E Atticus lhe respondeu enrugando o rosto inteiro:

- Não, agradeço. Cerveja em viagem me deixa com a sensação de que pareço um grande balão pronto para galgar os céus. -justificou o Patrono, sem muita convicção ao empurrar o ar com as mãos.

Riram do gracejo enquanto bem abria as portas da varanda que ficava bem à frente dos jardins, um lago de pedra bordado de verdes evaporava água estimulado pelo calor tímido do primeiro sol da manhã, enquanto pássaros cantarolavam aqui e ali dando pequenos pulinhos sobre a amurada do lago. Ben continuou: 

-Fiquei encarregado de Organizar a Convenção Jusnaturalista daqui uma quarentena, poderia me ajudar com isso. Faríamos uma moção para indicar Patronos dispostos a ir para lugares onde não ocupamos nenhuma cadeira fixa. - e hesitou com o dedo no ar- Reconheço as dificuldades que os Patronos vêm passando, afinal estão tendo que reconstruir alguns templos e Parlatórios, muitos do zero. Entendo que não podemos obrigar ninguém a ficar em uma comunidade que não deseja, não nessas condições, mas alguém tem que fazer esse serviço! Essa guerra foi devastadora e os ânimos em determinadas regiões ainda não são de paz. A prova disso é que Ainda há rebeldes em Represagorda!

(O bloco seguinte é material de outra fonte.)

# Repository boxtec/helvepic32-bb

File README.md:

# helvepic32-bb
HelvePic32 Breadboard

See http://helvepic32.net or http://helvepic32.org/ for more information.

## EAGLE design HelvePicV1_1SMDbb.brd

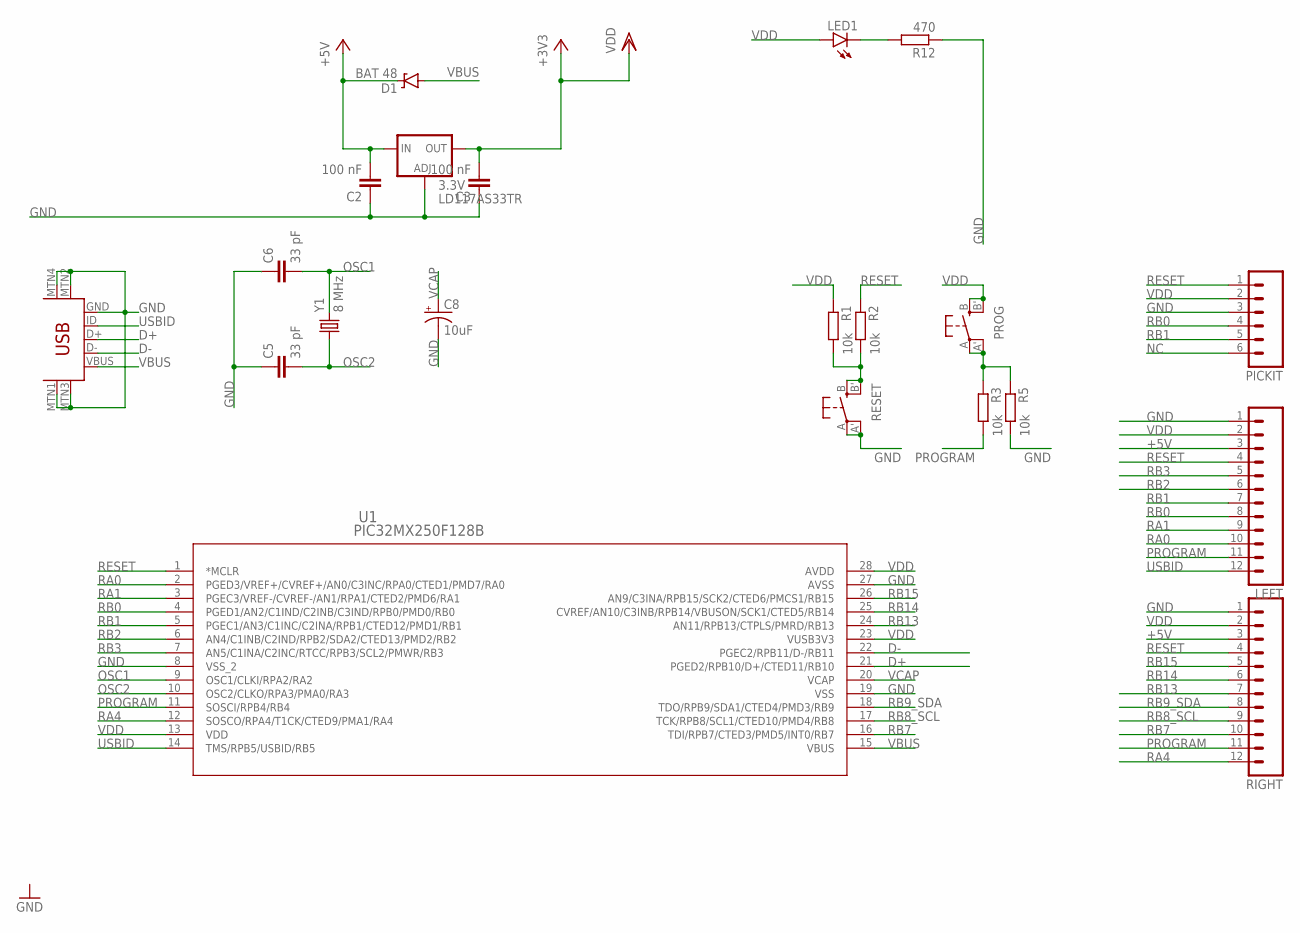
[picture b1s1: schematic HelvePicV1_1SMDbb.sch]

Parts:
3.3V: LD117AS33TR; SOT223
C2, C3: 100 nF; 0805
C5, C6: 33 pF; 0805
C8: 10uF; EIA3216
D1: BAT 48; SMB-DIODE
LED1: LED1206; LED-1206
LEFT: M12PTH; 1X12
PICKIT: M06LOCK; 1X06_LOCK
PROG: SPST_TACT-EVQQ2; EVQ-Q2
R1, R2, R3, R5: 10k; M0805
R12: 470; M0805
RESET: SPST_TACT-EVQQ2; EVQ-Q2
RIGHT: M12PTH; 1X12
U1: PIC32MX250F128B; SOIC28-W_MC
U$2: USB-MINIB-5PIN; USB-MINIB
Y1: 8 MHz; HC49UP

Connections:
+5V: 3.3V.3 (IN), C2.2, D1.C, LEFT.3, RIGHT.3
D+: U1.21 (PGED2/RPB10/D+/CTED11/RB10), U$2.D+
D-: U1.22 (PGEC2/RPB11/D-/RB11), U$2.D-
GND: 3.3V.1 (ADJ), C2.1, C3.1, C5.1, C6.1, C8.C (-), LEFT.1, PICKIT.3, R5.2, R12.1, RESET.A, RESET.A' (P1), RIGHT.1, U1.8 (VSS_2), U1.19 (VSS), U1.27 (AVSS), U$2.GND, U$2.MTN1 (MTN2), U$2.MTN2 (MTN3), U$2.MTN3 (MTN1), U$2.MTN4
unnamed: LED1.C, R12.2
unnamed: PROG.A, PROG.A' (P1), R3.1, R5.1
unnamed: R1.2, R2.2, RESET.B (S), RESET.B' (S1)
NC: PICKIT.6
OSC1: C6.2, U1.9 (OSC1/CLKI/RPA2/RA2), Y1.2
OSC2: C5.2, U1.10 (OSC2/CLKO/RPA3/PMA0/RA3), Y1.1
PROGRAM: LEFT.11, R3.2, RIGHT.11, U1.11 (SOSCI/RPB4/RB4)
RA0: LEFT.10, U1.2 (PGED3/VREF+/CVREF+/AN0/C3INC/RPA0/CTED1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)
RA1: LEFT.9, U1.3 (PGEC3/VREF-/CVREF-/AN1/RPA1/CTED2/PMD6/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)
RA4: RIGHT.12, U1.12 (SOSCO/RPA4/T1CK/CTED9/PMA1/RA4)
RB0: LEFT.8, PICKIT.4, U1.4 (PGED1/AN2/C1IND/C2INB/C3IND/RPB0/PMD0/R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)
RB1: LEFT.7, PICKIT.5, U1.5 (PGEC1/AN3/C1INC/C2INA/RPB1/CTED12/PMD1/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)
RB2: LEFT.6, U1.6 (AN4/C1INB/C2IND/RPB2/SDA2/CTED13/PMD2/R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)
RB3: LEFT.5, U1.7 (AN5/C1INA/C2INC/RTCC/RPB3/SCL2/PMWR/RB3)
RB7: RIGHT.10, U1.16 (TDI/RPB7/CTED3/PMD5/INT0/RB7)
RB8_SCL: RIGHT.9, U1.17 (TCK/RPB8/SCL1/CTED10/PMD4/RB8)
RB9_SDA: RIGHT.8, U1.18 (TDO/RPB9/SDA1/CTED4/PMD3/RB9)
RB13: RIGHT.7, U1.24 (AN11/RPB13/CTPLS/PMRD/RB13)
RB14: RIGHT.6, U1.25 (CVREF/AN10/C3INB/RPB14/VBUSON/SCK1/CTED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)
RB15: RIGHT.5, U1.26 (AN9/C3INA/RPB15/SCK2/CTED6/PMCS1/RB15)
RESET: LEFT.4, PICKIT.1, R2.1, RIGHT.4, U1.1 (*MCLR)
USBID: LEFT.12, U1.14 (TMS/RPB5/USBID/RB5), U$2.ID
VBUS: D1.A, U1.15 (VBUS), U$2.VBUS
VCAP: C8.A (+), U1.20 (VCAP)
VDD: 3.3V.4 (OUT), C3.2, LED1.A, LEFT.2, PICKIT.2, PROG.B (S), PROG.B' (S1), R1.1, RIGHT.2, U1.13 (VDD), U1.23 (VUSB3V3), U1.28 (AVDD)

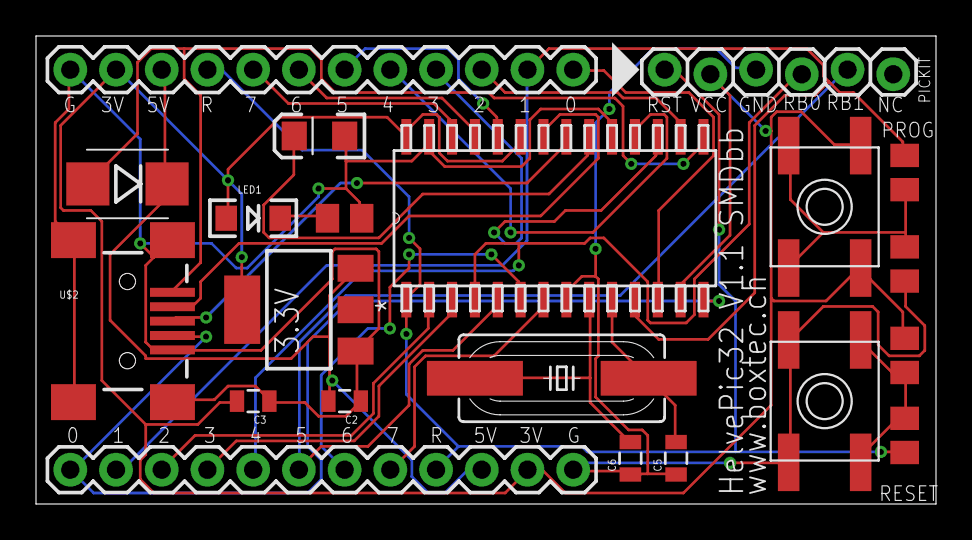
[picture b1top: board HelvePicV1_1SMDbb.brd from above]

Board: 2 copper layers, 50.0 x 26.0 mm, 21 parts (0 on the bottom side), 28 nets.

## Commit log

2015-12-09 Initial git import
2015-12-09 readme updated

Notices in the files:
parts and their libraries:
SparkFun-Capacitors: Licensing: Creative Commons ShareAlike 4.0 International - https://creativecommons.org/licenses/by-sa/4.0

O Patrono de Penhascoforte coçava a barriga grande e inchada quando o Bardo percebeu que a ponta dos seus dedos estava escurecida por demais: a velha doença da cerveja o vinha comendo aos poucos e sem parar ao longo dos signos. Atticus apertou o rosto e depois continuou:

-A bem da verdade, passei muito rapidamente por lá. Fui recebido pelo comissário  e naquelas condições achei muito gentil da parte dele me abrigar por duas noites numa zona safa de Represagorda. Veio a mando de Endro que estava combatendo imperialistas perto de Evreskaya, sempre há conflitos para restauração do Império Kaisar naquela região. Mas hoje acredito que não teremos mais problemas com esses homens por lá porque uma praga horrível se alastrou na região. Matou o Rei Jassen, coitado é bem feito, nunca gostei daquele velho malvado! Os domínios foram isolados e uma zona safa foi construída para abrigar os povos de Evreskaya numa estreita faixa de Represagorda: entre o Bosque da Represa e o Braço da Leoa. Eu vi com meus próprios olhos, Ben, muita pobreza. Então me comprometi com o comissário e aqui estou, indo ao Conselho na Última Vila Mais ou Menos ao Norte e à Baía de Ouro para aprovar uma moção de repatriação temporária. Ah sim! As coisas estão tensas por lá com os estrangeiros em Represagorda,  não demorou para a peste chegar e isso foi logo após a minha saída. E por sorte, Fineas estava, ou esteve ( não sei se foi embora) em Evreskaya para auxiliar no tratamento dos doentes, incluindo Sara de Kaisar, que foi levada para  Represagorda. Infelizmente, ou felizmente eu penso, não em tempo de livrá-la da contaminação! Morreu a filha daquele monstro homicida que destruiu todas as terras! Ela foi a única vítima de Represagorda até o momento, soube disso por lá e foi o próprio Finéias que a encontrou morta. Mas é esse o impasse, filho, uma fronteira cheia de doentes e uma população revoltada com o asilo do outro lado rio.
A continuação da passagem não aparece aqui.